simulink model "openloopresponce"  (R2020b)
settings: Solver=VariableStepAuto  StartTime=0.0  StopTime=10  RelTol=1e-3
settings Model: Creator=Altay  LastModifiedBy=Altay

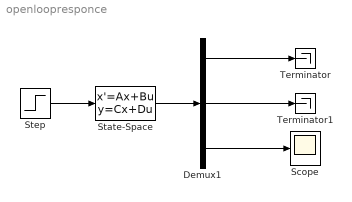
== system openloopresponce ==
  Demux1 : Demux  Outputs=3
  "Scope " : Scope
  "State-Space " : StateSpace  A=[-0.313 56.7 0; -0.0139 -0.426 0; 0 56.7 0]  B=[0.232; 0.0203; 0]  C=eye(3)  D=[0; 0; 0]  InitialCondition=0  ContinuousStateAttributes={'Hamle_acisi','Pitch_orani','Pitch_acisi'}
  "Step " : Step  Time=0  After=0.2  SampleTime=0
  "Terminator " : Terminator
  "Terminator1 " : Terminator
  wires:
  Demux1/1 -> "Terminator "/1
  Demux1/2 -> "Terminator1 "/1
  "State-Space "/1 -> Demux1/1
  "Step "/1 -> "State-Space "/1
  Demux1/3 -> "Scope "/1
simulink model "System_Design_Quadrocopter"  (Simulink 7.5)
settings: Solver=ode45  StartTime=0.0  StopTime=30  RelTol=1e-3
values from neighbouring files (symbols this model uses):
  phi0 = 0.15    [Quadrocopter_control_Driver.m]    (also in calc_stability.m = 0)
  r_phi0 = 0    [Quadrocopter_control_Driver.m]    (also in calc_stability.m)
  r_psi0 = 0    [Quadrocopter_control_Driver.m]    (also in calc_stability.m)
  r_theta0 = 0    [Quadrocopter_control_Driver.m]    (also in calc_stability.m)
  theta0 = 0.15    [Quadrocopter_control_Driver.m]    (also in calc_stability.m = 0)
  Ts = 0.01    [Reglerauslegung.m]    (also in Test_Reglerauslegung.m)
undefined symbols (not defined in the file or in its folder): bodyCtrl_phiCtrl_KD, bodyCtrl_phiCtrl_KI, bodyCtrl_phiCtrl_KP, bodyCtrl_rphiCtrl_KD, bodyCtrl_rphiCtrl_KI, bodyCtrl_rphiCtrl_KP, bodyCtrl_rpsiCtrl_KD, bodyCtrl_rpsiCtrl_KI, bodyCtrl_rpsiCtrl_KP, bodyCtrl_rthetaCtrl_KD, bodyCtrl_rthetaCtrl_KI, bodyCtrl_rthetaCtrl_KP, bodyCtrl_thetaCtrl_KD, bodyCtrl_thetaCtrl_KI, bodyCtrl_thetaCtrl_KP, boom, f1, f2, f3, f4, f5, g, I_x, I_y, I_z, m, positionCtrl_rpsiCtrl_KD, positionCtrl_rpsiCtrl_KI, positionCtrl_rpsiCtrl_KP, sigbuilder_block, speed, thrust, Ts_Opt
libraries: simulink x39, dspobslib x4, Copter_Library x3, Control_lib x1, sdolib x1
(part 4 of 4)

== stateflow chart Quadrocopter/Control/PID_Control_IMU only Trans (OC)/Hover Mode Enable ==
  state Hovering
    Control=1;
  state NotHovering
    Control=0;
  state WaitForBodyCtrl
    Control=0;
  NotHovering -> WaitForBodyCtrl : [((thetaSet>-set_val_th) && (thetaSet<set_val_th)) && ((phiSet>-set_val_th) && (phiSet<set_val_th)) && ((r_psiSet>-set_val_th) && (r_psiSet<set_val_th))]
  WaitForBodyCtrl -> NotHovering [order 2] : [((phiSet<=-set_val_th) || (phiSet>=set_val_th)) || ((thetaSet<=-set_val_th) || (thetaSet>=set_val_th)) || ((r_psiSet<=-set_val_th) || (r_psiSet>=set_val_th))]
  (default) -> NotHovering
  Hovering -> NotHovering : [((phiSet<=-set_val_th) || (phiSet>=set_val_th)) || ((thetaSet<=-set_val_th) || (thetaSet>=set_val_th)) || ((r_psiSet<=-set_val_th) || (r_psiSet>=set_val_th))]
  WaitForBodyCtrl -> Hovering [order 1] : after(1,sec)
  data: Control output double; phiSet input double; thetaSet input double; r_psiSet input double; set_val_th input double

== matlab function Quadrocopter/Sensors/Optical System/Rotation rpsi/Embedded MATLAB Function ==
  data: Sig input double; Fac output double; Gain input double
function Fac = fcn(Sig, Gain)
%#eml

Fac=Sig/Gain;

== matlab function Quadrocopter/Sensors/Optical System/Translation VX/Embedded MATLAB Function ==
  data: Sig input double; Fac output double; Gain input double
function Fac = fcn(Sig, Gain)
%#eml

Fac=Sig/Gain;

== matlab function Quadrocopter/Sensors/Optical System/Translation VY/Embedded MATLAB Function ==
  data: Sig input double; Fac output double; Gain input double
function Fac = fcn(Sig, Gain)
%#eml

Fac=Sig/Gain;

== matlab function Quadrocopter/Sim Ctrl/Embedded MATLAB Function ==
  data: ErrorGains input double; threshold output double; perCent input double
function threshold = fcn(ErrorGains, perCent)
%#eml
threshold=0;
if(ErrorGains(1) > 0 || ErrorGains(2) > 0 || ErrorGains(3) > 0 || ErrorGains(4) > 0)
   threshold = max(ErrorGains)*perCent;
end

== matlab function Quadrocopter/Sim Ctrl/Embedded MATLAB Function1 ==
  data: ErrorGains input double; u input double; ret output double
function ret = checkSimEnd(ErrorGains,u)
%#eml
persistent cnt1;
persistent cnt2;
persistent cnt3;
persistent first_time;
persistent lim;

if isempty(first_time)
first_time=1;
cnt1=0;
cnt2=0;
cnt3=0;
lim=50000;
end
ret=0;

if(ErrorGains(1) > 0 || ErrorGains(2) > 0 || ErrorGains(3) > 0 || ErrorGains(4) > 0)

    if(u(2) < abs(u(1)) && u(2) > -abs(u(1)))
      cnt1=cnt1+1;
    else
       cnt1=0; 
    end
    if(u(3) < abs(u(1)) && u(3) > -abs(u(1)))
     cnt2=cnt2+1;
    else
     cnt2=0;    
    end
    if(u(4) < abs(u(1)) && u(4) > -abs(u(1)))
      cnt3=cnt3+1;
    else
       cnt3=0; 
    end
    if(cnt1 > lim && cnt2 > lim && cnt3 > lim)
        ret=1;
    else
        ret=0;
    end
end

== stateflow chart Quadrocopter/Control/PID_Control_IMU Rot Trans (OC)/Hover Mode Enable ==
  state Hovering
    Control=1;
  state NotHovering
    Control=0;
  state WaitForBodyCtrl
    Control=0;
  NotHovering -> WaitForBodyCtrl : [((thetaSet>-set_val_th) && (thetaSet<set_val_th)) && ((phiSet>-set_val_th) && (phiSet<set_val_th)) && ((r_psiSet>-set_val_th) && (r_psiSet<set_val_th))]
  WaitForBodyCtrl -> NotHovering [order 2] : [((phiSet<=-set_val_th) || (phiSet>=set_val_th)) || ((thetaSet<=-set_val_th) || (thetaSet>=set_val_th)) || ((r_psiSet<=-set_val_th) || (r_psiSet>=set_val_th))]
  (default) -> NotHovering
  Hovering -> NotHovering : [((phiSet<=-set_val_th) || (phiSet>=set_val_th)) || ((thetaSet<=-set_val_th) || (thetaSet>=set_val_th)) || ((r_psiSet<=-set_val_th) || (r_psiSet>=set_val_th))]
  WaitForBodyCtrl -> Hovering [order 1] : after(1,sec)
  data: Control output double; phiSet input double; thetaSet input double; r_psiSet input double; set_val_th input double

== stateflow chart Quadrocopter/Control/PID_Control_IMU Rot Trans (OC) EMP/Hover Mode Enable ==
  state Hovering
    Control=1;
  state NotHovering
    Control=0;
  state WaitForBodyCtrl
    Control=0;
  NotHovering -> WaitForBodyCtrl : [((thetaSet>-set_val_th) && (thetaSet<set_val_th)) && ((phiSet>-set_val_th) && (phiSet<set_val_th)) && ((r_psiSet>-set_val_th) && (r_psiSet<set_val_th))]
  WaitForBodyCtrl -> NotHovering [order 2] : [((phiSet<=-set_val_th) || (phiSet>=set_val_th)) || ((thetaSet<=-set_val_th) || (thetaSet>=set_val_th)) || ((r_psiSet<=-set_val_th) || (r_psiSet>=set_val_th))]
  (default) -> NotHovering
  Hovering -> NotHovering : [((phiSet<=-set_val_th) || (phiSet>=set_val_th)) || ((thetaSet<=-set_val_th) || (thetaSet>=set_val_th)) || ((r_psiSet<=-set_val_th) || (r_psiSet>=set_val_th))]
  WaitForBodyCtrl -> Hovering [order 1] : after(1,sec)
  data: Control output double; phiSet input double; thetaSet input double; r_psiSet input double; set_val_th input double
-----
:: Task item ::
From the listing above, pick out each line where the word "also" appears.

:: Written response ::
  phi0 = 0.15    [Quadrocopter_control_Driver.m]    (also in calc_stability.m = 0)
  r_phi0 = 0    [Quadrocopter_control_Driver.m]    (also in calc_stability.m)
  r_psi0 = 0    [Quadrocopter_control_Driver.m]    (also in calc_stability.m)
  r_theta0 = 0    [Quadrocopter_control_Driver.m]    (also in calc_stability.m)
  theta0 = 0.15    [Quadrocopter_control_Driver.m]    (also in calc_stability.m = 0)
  Ts = 0.01    [Reglerauslegung.m]    (also in Test_Reglerauslegung.m)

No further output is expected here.